Operação madura de franchising

A rede é sistema.

Governança institucional. Modelo financeiro auditado e ajustado anualmente. Manual operacional vivo (versionado). Conselho de franqueados com regulamento, deliberativo em matérias delimitadas. Programa de compliance integrado (LGPD, Anticorrupção, regulatório setorial). Modelo tributário ajustado à fase da Reforma. Plano de internacionalização quando aplicável.

* COMPONENTE TÉCNICO · ANATOMIA DA COF

Vinte e três incisos. Cada um é um passivo se mal redigido.

A Lei 13.966/2019 enumera taxativamente, em vinte e três incisos do art. 2º, o conteúdo obrigatório da Circular de Oferta de Franquia. A omissão de informação exigida ou a veiculação de informação falsa habilita o franqueado à anulabilidade ou nulidade do contrato e à devolução dos valores pagos a título de filiação ou royalties (art. 4º c/c art. 2º §2º). A COF não é peça publicitária — é instrumento jurídico vinculante.

Lei 13.966/2019, art. 2º · entrega obrigatória 10 dias antes da assinatura do contrato ou pagamento (art. 2º §1º) · descumprimento de prazo gera anulabilidade/nulidade + devolução de filiação e royalties corrigidos (art. 2º §2º) · omissão de informação exigida ou veiculação de informação falsa: art. 4º.
  1. I

    Histórico resumido do negócio franqueado

    Histórico resumido do negócio franqueado — origem, evolução e contexto do sistema.

    Por que importa

    Identifica a trajetória do sistema. Omissão de fatos relevantes do histórico abre fundamento de art. 4º.

    Lei 13.966/2019, art. 2º, I
  2. II
    *

    Qualificação completa do franqueador

    Qualificação completa do franqueador e das empresas a que esteja ligado, com CNPJ.

    Por que importa

    Identifica a contraparte e o grupo econômico. Omissão de empresas ligadas é típica em rede operada via holding obscura.

    Lei 13.966/2019, art. 2º, II
  3. III
    *

    Balanços e demonstrações financeiras

    Balanços e demonstrações financeiras da empresa franqueadora dos 2 últimos exercícios.

    Por que importa

    Permite ao candidato avaliar a solidez econômico-financeira da rede antes de comprometer capital.

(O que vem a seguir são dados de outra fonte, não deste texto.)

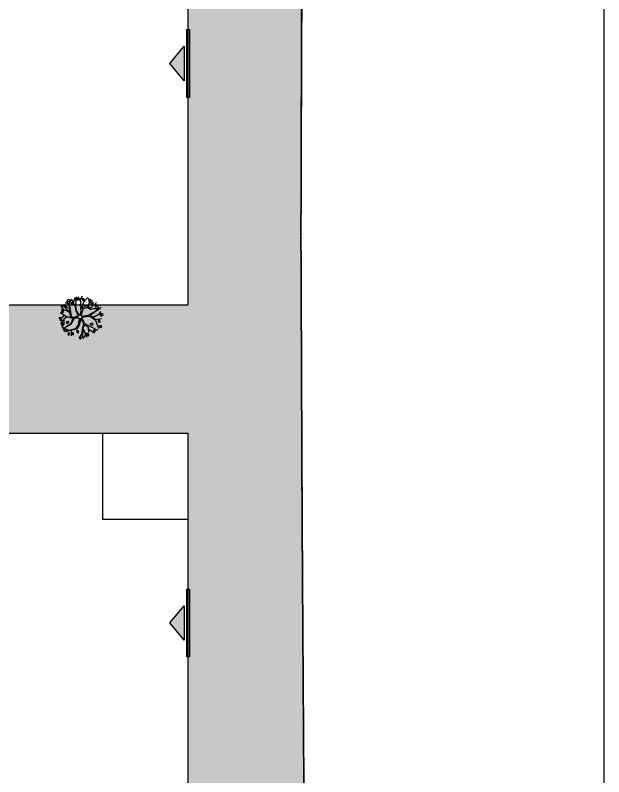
# Model space of a CAD drawing. Header units: millimetres. Extents: x -176651 to 388869, y -469666 to 486614.
# Drawn here: x 347007 to 388869, y 265657 to 319804 of the extents above; entities that cross this region are included whole.
import ezdxf

# ---------------------------------------------------------------- set-up
doc = ezdxf.new("R2010")
doc.units = ezdxf.units.MM
doc.linetypes.add('Site boundary$0$DASHDOT', pattern=[25.4, 12.7, -6.35, 0, -6.35])
doc.layers.add('A- FURNITURE', color=252, linetype='Continuous', lineweight=0)
for name, color, linetype in [('ad-Entrance Point', 4, 'Continuous'), ('ad-Parking', 8, 'Continuous'), ('ad-Plot Boundary', 8, 'Continuous'), ('ad-Road', 8, 'Continuous'), ('ad-Road Hatch', 8, 'Continuous'), ('CAY', 94, 'Continuous')]:
    doc.layers.add(name, color=color, linetype=linetype)
doc.layers.add('Site boundary$0$ad-Site Boundary', color=1, linetype='Site boundary$0$DASHDOT', lineweight=35, true_color=0xff0000)

# ---------------------------------------------------------------- blocks, each defined once
blk = doc.blocks.new('Site boundary')
at = {"ltscale": 5}
blk.add_lwpolyline([(-176651, 486614), (388869, 486614), (388869, -18386), (-176651, -18386)], close=True, dxfattribs=at)
at = {"layer": 'Site boundary$0$ad-Site Boundary', "ltscale": 1.5}
blk.add_lwpolyline([(367727, 193888), (367668, 205482), (367583, 220558), (367635, 236091), (367635, 247490), (367570, 259867), (367414, 283740), (367329, 304118), (367381, 322403)], dxfattribs=at)
blk = doc.blocks.new('A$C4fb60e89')
at = {"layer": 'ad-Road Hatch', "ltscale": 5, "transparency": 33554687}
h = blk.add_hatch(dxfattribs=at)
h.set_pattern_fill('AR-HBONE', color=256, scale=15)
h.set_pattern_definition([(45, (-193247.7, -428758.8), (0, 2155.2615), [4572, -1524]), (135, (-192170.1, -427681.1), (2e-13, 2155.2615), [4572, -1524])])
h.paths.add_polyline_path([(175594, -250241), (169178, -249341), (167473, -249057), (167473, -138694), (101313, -138694), (101313, -199954), (101308, -237995), (101040, -268291), (101008, -280968), (101066, -293684), (101243, -311127), (100910, -319344), (100949, -333937), (100669, -366960), (100727, -390983), (100669, -404586), (100538, -420418), (100467, -428759), (92426, -427265), (92163, -427209), (92163, -321454), (24803, -321454), (24803, -412961), (15653, -411029), (15654, -321452), (-19535, -321452), (-34427, -319477), (-65207, -315395), (-171770, -301268), (-185854, -298333), (-193248, -296832), (-193244, -292908), (-191914, -285219), (-191839, -284679), (-183397, -286393), (-169723, -289243), (-53141, -304698), (-18730, -309262), (15653, -309262), (15653, 703), (24803, 1115), (24803, -129544), (92163, -129544), (92163, 15133), (101313, 17713), (101313, -129544), (167473, -129544), (167473, 35552), (175738, 37855), (175849, 28595), (175836, 25947), (175777, 14040), (175855, 2316), (175660, -18036), (175731, -34039), (175718, -46839), (175673, -63402), (175816, -82072), (175542, -106356), (175490, -124641), (175575, -145019), (175731, -168892), (175797, -181269), (175797, -192667), (175744, -208200), (175829, -223277), (175888, -234871)])
h.paths.add_polyline_path([(24803, -309264), (92163, -309264), (92163, -138694), (24803, -138694)], flags=16)
at = {"layer": 'ad-Road', "ltscale": 5}
for points in [[(167473, -249057), (167473, -138694), (101313, -138694), (101313, -199954), (101308, -237995)], [(101313, 17713), (101313, -129544), (167473, -129544), (167473, 35552)], [(175542, -106356), (175490, -124641), (175575, -145019), (175731, -168892), (175797, -181269), (175797, -192667), (175744, -208200), (175829, -223277), (175888, -234871)]]:
    blk.add_lwpolyline(points, dxfattribs=at)
blk = doc.blocks.new('A$Cde044142')
at = {"layer": 'ad-Plot Boundary'}
blk.add_lwpolyline([(0, 0), (33080, 0), (33080, 30630), (0, 30630)], close=True, dxfattribs=at)
blk = doc.blocks.new('zw$A88E')
at = {"layer": 'ad-Plot Boundary', "ltscale": 5}
for p in [(-41344, -167399), (-41344, -207179)]:
    blk.add_blockref('A$Cde044142', p, dxfattribs=at)
blk = doc.blocks.new('zw$944D')
at = {"layer": 'ad-Parking', "ltscale": 5}
blk.add_lwpolyline([(0, 0), (6100, 0), (6100, 6100), (0, 6100)], close=True, dxfattribs=at)
blk = doc.blocks.new('zw$2786')
at = {"layer": 'ad-Parking', "ltscale": 5}
blk.add_blockref('zw$944D', (173269, -64037), dxfattribs=at)
blk = doc.blocks.new('QRFQ')
at = {"layer": 'CAY', "color": 30, "true_color": 0xf26722}
for p, q in [((260795.323, 1945731.538, 129.914), (260795.321, 1945731.371, 129.914)), ((260795.321, 1945731.371, 129.914), (260795.419, 1945731.314, 129.914)), ((260795.323, 1945731.538, 129.914), (260795.411, 1945731.487, 129.914)), ((260795.423, 1945731.108, 129.914), (260795.354, 1945731.33, 129.914)), ((260795.442, 1945731.392, 129.914), (260795.411, 1945731.487, 129.914)), ((260795.419, 1945731.314, 129.914), (260795.442, 1945731.392, 129.914)), ((260795.604, 1945731.078, 129.914), (260795.535, 1945731.48, 129.914)), ((260795.848, 1945731.124, 129.914), (260795.57, 1945731.312, 129.914)), ((260795.72, 1945731.211, 129.914), (260795.586, 1945731.503, 129.914)), ((260795.847, 1945731.432, 129.914), (260795.667, 1945731.577, 129.914)), ((260795.922, 1945731.201, 129.914), (260795.782, 1945731.644, 129.914)), ((260795.919, 1945731.729, 129.914), (260795.821, 1945731.709, 129.914)), ((260795.821, 1945731.709, 129.914), (260795.905, 1945731.63, 129.914)), ((260795.867, 1945731.367, 129.914), (260796.156, 1945731.735, 129.914)), ((260795.905, 1945731.63, 129.914), (260795.992, 1945731.594, 129.914)), ((260796.013, 1945731.704, 129.914), (260795.919, 1945731.729, 129.914)), ((260795.992, 1945731.594, 129.914), (260796.042, 1945731.642, 129.914)), ((260796.042, 1945731.642, 129.914), (260796.013, 1945731.704, 129.914)), ((260796.102, 1945731.485, 129.914), (260796.052, 1945731.437, 129.914)), ((260796.052, 1945731.437, 129.914), (260796.054, 1945731.328, 129.914)), ((260796.054, 1945731.328, 129.914), (260796.077, 1945731.33, 129.914)), ((260796.077, 1945731.33, 129.914), (260796.152, 1945731.348, 129.914)), ((260796.173, 1945731.458, 129.914), (260796.102, 1945731.485, 129.914)), ((260796.152, 1945731.348, 129.914), (260796.173, 1945731.458, 129.914)), ((260796.285, 1945731.184, 129.914), (260796.164, 1945731.715, 129.914)), ((260796.23, 1945731.426, 129.914), (260796.447, 1945731.753, 129.914)), ((260796.318, 1945731.174, 129.914), (260796.551, 1945731.776, 129.914)), ((260796.448, 1945731.531, 129.914), (260796.386, 1945731.761, 129.914)), ((260796.647, 1945731.702, 129.914), (260796.54, 1945731.643, 129.914)), ((260796.54, 1945731.643, 129.914), (260796.542, 1945731.535, 129.914)), ((260796.542, 1945731.535, 129.914), (260796.653, 1945731.578, 129.914)), ((260796.647, 1945731.702, 129.914), (260796.684, 1945731.667, 129.914)), ((260796.772, 1945731.364, 129.914), (260796.649, 1945731.77, 129.914)), ((260796.653, 1945731.578, 129.914), (260796.684, 1945731.667, 129.914)), ((260796.67, 1945731.155, 129.914), (260796.772, 1945731.364, 129.914)), ((260796.726, 1945731.056, 129.914), (260797.052, 1945731.389, 129.914)), ((260796.729, 1945731.504, 129.914), (260796.976, 1945731.714, 129.914)), ((260796.898, 1945731.604, 129.914), (260796.896, 1945731.437, 129.914)), ((260796.896, 1945731.437, 129.914), (260796.993, 1945731.38, 129.914)), ((260796.898, 1945731.604, 129.914), (260796.985, 1945731.553, 129.914)), ((260797.017, 1945731.459, 129.914), (260796.985, 1945731.553, 129.914)), ((260796.993, 1945731.38, 129.914), (260797.017, 1945731.459, 129.914)), ((260797.052, 1945731.389, 129.914), (260797.301, 1945731.525, 129.914)), ((260797.226, 1945731.006, 129.914), (260797.481, 1945731.38, 129.914)), ((260797.313, 1945731.133, 129.914), (260797.374, 1945731.456, 129.914)), ((260797.38, 1945731.238, 129.914), (260797.58, 1945731.256, 129.914)), ((260794.981, 1945730.726, 129.914), (260794.98, 1945730.558, 129.914)), ((260794.981, 1945730.726, 129.914), (260795.069, 1945730.675, 129.914)), ((260795.485, 1945730.612, 129.914), (260795.122, 1945730.996, 129.914)), ((260795.331, 1945730.775, 129.914), (260795.135, 1945730.628, 129.914)), ((260795.356, 1945731.119, 129.914), (260795.249, 1945731.06, 129.914)), ((260795.249, 1945731.06, 129.914), (260795.251, 1945730.952, 129.914)), ((260795.251, 1945730.952, 129.914), (260795.363, 1945730.994, 129.914)), ((260795.623, 1945731.013, 129.914), (260795.252, 1945731.188, 129.914)), ((260795.356, 1945731.119, 129.914), (260795.393, 1945731.084, 129.914)), ((260795.363, 1945730.994, 129.914), (260795.393, 1945731.084, 129.914)), ((260795.801, 1945730.896, 129.914), (260795.604, 1945731.078, 129.914)), ((260795.795, 1945730.82, 129.914), (260795.623, 1945731.013, 129.914)), ((260795.777, 1945730.496, 129.914), (260795.795, 1945730.82, 129.914)), ((260795.848, 1945731.124, 129.914), (260795.801, 1945730.896, 129.914)), ((260795.834, 1945730.529, 129.914), (260795.922, 1945731.201, 129.914)), ((260796.248, 1945730.828, 129.914), (260796.285, 1945731.184, 129.914)), ((260796.306, 1945730.466, 129.914), (260796.248, 1945730.828, 129.914)), ((260796.281, 1945730.818, 129.914), (260796.318, 1945731.174, 129.914)), ((260796.397, 1945730.5, 129.914), (260796.281, 1945730.818, 129.914)), ((260796.538, 1945730.411, 129.914), (260796.772, 1945730.842, 129.914)), ((260796.591, 1945730.693, 129.914), (260796.67, 1945731.155, 129.914)), ((260796.709, 1945730.865, 129.914), (260796.726, 1945731.056, 129.914)), ((260796.709, 1945730.865, 129.914), (260796.787, 1945730.966, 129.914)), ((260796.772, 1945730.842, 129.914), (260797.083, 1945730.889, 129.914)), ((260796.787, 1945730.966, 129.914), (260797.226, 1945731.006, 129.914)), ((260797.083, 1945730.889, 129.914), (260797.278, 1945730.679, 129.914)), ((260797.134, 1945730.949, 129.914), (260797.239, 1945730.989, 129.914)), ((260797.156, 1945730.919, 129.914), (260797.134, 1945730.949, 129.914)), ((260797.157, 1945730.918, 129.914), (260797.295, 1945730.745, 129.914)), ((260797.239, 1945730.989, 129.914), (260797.384, 1945731.234, 129.914)), ((260797.295, 1945730.745, 129.914), (260797.8, 1945731.019, 129.914)), ((260797.466, 1945731.152, 129.914), (260797.368, 1945731.132, 129.914)), ((260797.368, 1945731.132, 129.914), (260797.452, 1945731.053, 129.914)), ((260797.452, 1945731.053, 129.914), (260797.54, 1945731.017, 129.914)), ((260797.56, 1945731.128, 129.914), (260797.466, 1945731.152, 129.914)), ((260797.54, 1945731.017, 129.914), (260797.589, 1945731.065, 129.914)), ((260797.589, 1945731.065, 129.914), (260797.56, 1945731.128, 129.914)), ((260797.624, 1945730.454, 129.914), (260797.895, 1945730.725, 129.914)), ((260797.755, 1945730.89, 129.914), (260797.648, 1945730.832, 129.914)), ((260797.648, 1945730.832, 129.914), (260797.65, 1945730.723, 129.914)), ((260797.65, 1945730.723, 129.914), (260797.761, 1945730.766, 129.914)), ((260797.755, 1945730.89, 129.914), (260797.792, 1945730.855, 129.914)), ((260797.761, 1945730.766, 129.914), (260797.792, 1945730.855, 129.914)), ((260795.267, 1945730.497, 129.914), (260794.959, 1945730.261, 129.914)), ((260795.118, 1945730.383, 129.914), (260794.968, 1945730.47, 129.914)), ((260795.086, 1945730.28, 129.914), (260794.979, 1945730.222, 129.914)), ((260794.979, 1945730.222, 129.914), (260794.981, 1945730.113, 129.914)), ((260794.98, 1945730.558, 129.914), (260795.077, 1945730.502, 129.914)), ((260794.981, 1945730.113, 129.914), (260795.092, 1945730.156, 129.914)), ((260795.163, 1945730.156, 129.914), (260795.005, 1945730.047, 129.914)), ((260795.1, 1945730.58, 129.914), (260795.069, 1945730.675, 129.914)), ((260795.077, 1945730.502, 129.914), (260795.1, 1945730.58, 129.914)), ((260795.086, 1945730.28, 129.914), (260795.122, 1945730.245, 129.914)), ((260795.092, 1945730.156, 129.914), (260795.122, 1945730.245, 129.914)), ((260795.26, 1945730.495, 129.914), (260795.163, 1945730.156, 129.914)), ((260795.507, 1945730.585, 129.914), (260795.267, 1945730.497, 129.914)), ((260795.396, 1945730.189, 129.914), (260795.418, 1945730.284, 129.914)), ((260795.398, 1945730.105, 129.914), (260795.396, 1945730.189, 129.914)), ((260795.418, 1945730.284, 129.914), (260795.483, 1945730.282, 129.914)), ((260795.483, 1945730.282, 129.914), (260795.521, 1945730.2, 129.914)), ((260795.521, 1945730.2, 129.914), (260795.484, 1945730.138, 129.914)), ((260795.771, 1945730.486, 129.914), (260795.485, 1945730.612, 129.914)), ((260795.862, 1945730.379, 129.914), (260795.507, 1945730.585, 129.914)), ((260795.892, 1945730.363, 129.914), (260795.642, 1945730.044, 129.914)), ((260795.945, 1945730.332, 129.914), (260795.654, 1945730.005, 129.914)), ((260795.964, 1945730.427, 129.914), (260795.834, 1945730.529, 129.914)), ((260795.862, 1945730.38, 129.914), (260795.892, 1945730.363, 129.914)), ((260795.944, 1945730.331, 129.914), (260795.946, 1945730.331, 129.914)), ((260796.253, 1945730.333, 129.914), (260795.946, 1945730.331, 129.914)), ((260795.964, 1945730.427, 129.914), (260796.299, 1945730.459, 129.914)), ((260796.311, 1945730.231, 129.914), (260796.136, 1945729.845, 129.914)), ((260796.44, 1945730.205, 129.914), (260796.207, 1945729.804, 129.914)), ((260796.447, 1945730.207, 129.914), (260796.526, 1945729.833, 129.914)), ((260796.457, 1945730.489, 129.914), (260796.591, 1945730.693, 129.914)), ((260796.6, 1945729.8, 129.914), (260796.504, 1945730.241, 129.914)), ((260796.538, 1945730.288, 129.914), (260797.001, 1945730.227, 129.914)), ((260796.551, 1945730.359, 129.914), (260796.993, 1945730.311, 129.914)), ((260796.993, 1945730.311, 129.914), (260797.624, 1945730.454, 129.914)), ((260797.001, 1945730.227, 129.914), (260797.117, 1945730.199, 129.914)), ((260797.117, 1945730.199, 129.914), (260797.412, 1945729.827, 129.914)), ((260798.044, 1945730.585, 129.914), (260797.158, 1945730.269, 129.914)), ((260797.158, 1945730.269, 129.914), (260797.267, 1945730.099, 129.914)), ((260797.267, 1945730.099, 129.914), (260797.783, 1945730.174, 129.914)), ((260797.278, 1945730.679, 129.914), (260797.503, 1945730.656, 129.914)), ((260797.298, 1945730.054, 129.914), (260797.684, 1945730.159, 129.914)), ((260797.503, 1945730.656, 129.914), (260797.87, 1945730.58, 129.914)), ((260797.624, 1945730.454, 129.914), (260797.924, 1945730.547, 129.914)), ((260797.783, 1945730.174, 129.914), (260797.936, 1945730.34, 129.914)), ((260797.783, 1945730.174, 129.914), (260797.895, 1945729.975, 129.914)), ((260797.93, 1945730.162, 129.914), (260797.832, 1945730.142, 129.914)), ((260798.024, 1945730.138, 129.914), (260797.93, 1945730.162, 129.914)), ((260795.399, 1945729.617, 129.914), (260794.982, 1945730.007, 129.914)), ((260795.654, 1945730.005, 129.914), (260794.991, 1945729.834, 129.914)), ((260795.12, 1945729.757, 129.914), (260795.022, 1945729.737, 129.914)), ((260795.022, 1945729.737, 129.914), (260795.106, 1945729.658, 129.914)), ((260795.106, 1945729.658, 129.914), (260795.193, 1945729.622, 129.914)), ((260795.214, 1945729.733, 129.914), (260795.12, 1945729.757, 129.914)), ((260795.289, 1945729.92, 129.914), (260795.127, 1945729.874, 129.914)), ((260795.193, 1945729.622, 129.914), (260795.243, 1945729.67, 129.914)), ((260795.243, 1945729.67, 129.914), (260795.214, 1945729.733, 129.914)), ((260795.55, 1945729.998, 129.914), (260795.283, 1945729.921, 129.914)), ((260795.484, 1945730.138, 129.914), (260795.398, 1945730.105, 129.914)), ((260795.883, 1945729.604, 129.914), (260795.399, 1945729.617, 129.914)), ((260795.642, 1945730.044, 129.914), (260795.55, 1945729.998, 129.914)), ((260796.136, 1945729.845, 129.914), (260795.883, 1945729.604, 129.914)), ((260796.207, 1945729.804, 129.914), (260795.934, 1945729.561, 129.914)), ((260796.526, 1945729.833, 129.914), (260796.329, 1945729.492, 129.914)), ((260796.556, 1945729.722, 129.914), (260796.394, 1945729.508, 129.914)), ((260796.556, 1945729.722, 129.914), (260796.796, 1945729.516, 129.914)), ((260796.6, 1945729.8, 129.914), (260796.983, 1945729.447, 129.914)), ((260797.045, 1945729.681, 129.914), (260796.947, 1945729.661, 129.914)), ((260796.947, 1945729.661, 129.914), (260797.031, 1945729.582, 129.914)), ((260797.139, 1945729.657, 129.914), (260797.045, 1945729.681, 129.914)), ((260797.168, 1945729.594, 129.914), (260797.139, 1945729.657, 129.914)), ((260797.298, 1945730.054, 129.914), (260797.427, 1945729.886, 129.914)), ((260797.412, 1945729.827, 129.914), (260797.453, 1945729.214, 129.914)), ((260797.427, 1945729.886, 129.914), (260797.848, 1945729.829, 129.914)), ((260797.642, 1945729.778, 129.914), (260797.593, 1945729.73, 129.914)), ((260797.593, 1945729.73, 129.914), (260797.595, 1945729.622, 129.914)), ((260797.595, 1945729.622, 129.914), (260797.618, 1945729.624, 129.914)), ((260797.618, 1945729.624, 129.914), (260797.693, 1945729.641, 129.914)), ((260797.714, 1945729.752, 129.914), (260797.642, 1945729.778, 129.914)), ((260797.693, 1945729.641, 129.914), (260797.714, 1945729.752, 129.914)), ((260797.832, 1945730.142, 129.914), (260797.916, 1945730.063, 129.914)), ((260797.916, 1945730.063, 129.914), (260798.004, 1945730.028, 129.914)), ((260798.004, 1945730.028, 129.914), (260798.053, 1945730.076, 129.914)), ((260798.053, 1945730.076, 129.914), (260798.024, 1945730.138, 129.914)), ((260795.299, 1945729.608, 129.914), (260795.19, 1945729.551, 129.914)), ((260795.345, 1945729.473, 129.914), (260795.25, 1945729.421, 129.914)), ((260795.25, 1945729.421, 129.914), (260795.252, 1945729.313, 129.914)), ((260795.252, 1945729.313, 129.914), (260795.363, 1945729.355, 129.914)), ((260795.934, 1945729.561, 129.914), (260795.299, 1945729.608, 129.914)), ((260795.393, 1945729.445, 129.914), (260795.351, 1945729.484, 129.914)), ((260795.363, 1945729.355, 129.914), (260795.393, 1945729.445, 129.914)), ((260795.549, 1945729.583, 129.914), (260795.442, 1945729.204, 129.914)), ((260795.53, 1945729.472, 129.914), (260795.528, 1945729.305, 129.914)), ((260795.528, 1945729.305, 129.914), (260795.625, 1945729.249, 129.914)), ((260795.53, 1945729.472, 129.914), (260795.618, 1945729.422, 129.914)), ((260795.649, 1945729.327, 129.914), (260795.618, 1945729.422, 129.914)), ((260795.625, 1945729.249, 129.914), (260795.649, 1945729.327, 129.914)), ((260795.919, 1945729.507, 129.914), (260795.917, 1945729.34, 129.914)), ((260795.917, 1945729.34, 129.914), (260796.014, 1945729.284, 129.914)), ((260795.919, 1945729.507, 129.914), (260796.006, 1945729.457, 129.914)), ((260796.237, 1945729.171, 129.914), (260795.932, 1945728.906, 129.914)), ((260796.037, 1945729.362, 129.914), (260796.006, 1945729.457, 129.914)), ((260796.014, 1945729.284, 129.914), (260796.037, 1945729.362, 129.914)), ((260796.348, 1945729.428, 129.914), (260796.187, 1945728.825, 129.914)), ((260796.329, 1945729.492, 129.914), (260796.237, 1945729.171, 129.914)), ((260796.348, 1945729.428, 129.914), (260796.463, 1945729.107, 129.914)), ((260796.394, 1945729.508, 129.914), (260796.451, 1945729.247, 129.914)), ((260796.451, 1945729.247, 129.914), (260796.489, 1945728.824, 129.914)), ((260796.559, 1945729.12, 129.914), (260796.557, 1945728.953, 129.914)), ((260796.559, 1945729.12, 129.914), (260796.647, 1945729.069, 129.914)), ((260796.796, 1945729.516, 129.914), (260796.697, 1945729.118, 129.914)), ((260796.754, 1945729.345, 129.914), (260797.106, 1945728.974, 129.914)), ((260796.983, 1945729.447, 129.914), (260797.375, 1945729.112, 129.914)), ((260797.031, 1945729.582, 129.914), (260797.118, 1945729.546, 129.914)), ((260797.134, 1945729.2, 129.914), (260797.084, 1945729.152, 129.914)), ((260797.084, 1945729.152, 129.914), (260797.086, 1945729.044, 129.914)), ((260797.118, 1945729.546, 129.914), (260797.168, 1945729.594, 129.914)), ((260797.205, 1945729.174, 129.914), (260797.134, 1945729.2, 129.914)), ((260797.184, 1945729.064, 129.914), (260797.205, 1945729.174, 129.914)), ((260797.595, 1945729.361, 129.914), (260797.497, 1945729.341, 129.914)), ((260797.497, 1945729.341, 129.914), (260797.581, 1945729.262, 129.914)), ((260797.581, 1945729.262, 129.914), (260797.668, 1945729.227, 129.914)), ((260797.689, 1945729.337, 129.914), (260797.595, 1945729.361, 129.914)), ((260797.668, 1945729.227, 129.914), (260797.718, 1945729.275, 129.914)), ((260797.718, 1945729.275, 129.914), (260797.689, 1945729.337, 129.914)), ((260796.09, 1945728.992, 129.914), (260795.983, 1945728.934, 129.914)), ((260795.983, 1945728.934, 129.914), (260795.985, 1945728.825, 129.914)), ((260795.985, 1945728.825, 129.914), (260796.097, 1945728.868, 129.914)), ((260796.09, 1945728.992, 129.914), (260796.127, 1945728.957, 129.914)), ((260796.097, 1945728.868, 129.914), (260796.127, 1945728.957, 129.914)), ((260796.471, 1945729.021, 129.914), (260796.233, 1945728.839, 129.914)), ((260796.557, 1945728.953, 129.914), (260796.654, 1945728.896, 129.914)), ((260796.678, 1945728.974, 129.914), (260796.647, 1945729.069, 129.914)), ((260796.654, 1945728.896, 129.914), (260796.678, 1945728.974, 129.914)), ((260797.086, 1945729.044, 129.914), (260797.109, 1945729.046, 129.914)), ((260797.109, 1945729.046, 129.914), (260797.184, 1945729.064, 129.914))]:
    blk.add_line(p, q, dxfattribs=at)
blk.add_circle((260796.402, 1945730.35, 129.914), 0.15, dxfattribs=at)
blk = doc.blocks.new('zw$1761')
at = {"color": 6, "xscale": 39.3712485404797, "yscale": 39.3712485404797, "zscale": 39.3712485404797, "rotation": 15.20137085992779}
blk.add_blockref('QRFQ', (10185407.4, -76610803.4, 53783.4), dxfattribs=at)
blk = doc.blocks.new('$ZCDB_AUDIT_GENERATED_25A5F3')
at = {"layer": 'ad-Entrance Point', "ltscale": 5}
h = blk.add_hatch(color=256, dxfattribs=at)
h.dxf.hatch_style = 1
h.paths.add_polyline_path([(-300, -1187.5), (-300, -3637.5), (-1300, -2412.5)])
for points in [[(-100, 0), (100, 0), (100, -4825), (-100, -4825)], [(-300, -1187.5), (-300, -3637.5), (-1300, -2412.5)]]:
    blk.add_lwpolyline(points, close=True, dxfattribs=at)
blk = doc.blocks.new('$ZCDB_AUDIT_GENERATED_25A5FB')
at = {"layer": 'ad-Entrance Point', "ltscale": 5}
for p in [(167473, -109974), (167473, -149754)]:
    blk.add_blockref('$ZCDB_AUDIT_GENERATED_25A5F3', p, dxfattribs=at)

msp = doc.modelspace()

# ---------------------------------------------------------------- block references
at = {"layer": 'ad-Road', "ltscale": 5}
msp.add_blockref('A$C4fb60e89', (191839, 428759), dxfattribs=at)

# ---------------------------------------------------------------- next in the draw order: block references
msp.add_blockref('Site boundary', (0, 0))
at = {"layer": 'A- FURNITURE', "color": 6, "xscale": 25.39807961885639, "yscale": 25.39807961885639, "zscale": 25.39807961885639}
msp.add_blockref('zw$1761', (173127, 121263), dxfattribs=at)
at = {"layer": 'ad-Entrance Point', "ltscale": 5}
msp.add_blockref('$ZCDB_AUDIT_GENERATED_25A5FB', (191839, 428759), dxfattribs=at)
at = {"layer": 'ad-Parking', "ltscale": 5}
msp.add_blockref('zw$2786', (179944, 348002), dxfattribs=at)
at = {"layer": 'ad-Plot Boundary', "ltscale": 5}
msp.add_blockref('zw$A88E', (367577, 466614), dxfattribs=at)

doc.saveas('drawing.dxf')

    Lei 13.966/2019, art. 2º, III
  4. IV
    *

    Indicação das ações judiciais relevantes

    Ações judiciais relativas à franquia que questionem o sistema ou possam comprometer a operação — incluindo controladoras, subfranqueador e titulares de marcas.

    Por que importa

    Omissão constitui descumprimento e fundamenta a hipótese do art. 4º — anulabilidade/nulidade + devolução + sanções penais cabíveis.

    Lei 13.966/2019, art. 2º, IV
  5. V

    Descrição detalhada da franquia

    Descrição detalhada da franquia e descrição geral do negócio e das atividades a serem desempenhadas pelo franqueado.

    Por que importa

    Define o objeto contratual. Imprecisão gera disputa sobre escopo permitido e atividades vedadas.

    Lei 13.966/2019, art. 2º, V
  6. VI

    Perfil do franqueado ideal

    Perfil do franqueado ideal: experiência anterior, escolaridade e demais características — obrigatórias ou preferenciais.

    Por que importa

    Filtro de qualidade da rede. Captação fora do perfil declarado gera turnover e disputa.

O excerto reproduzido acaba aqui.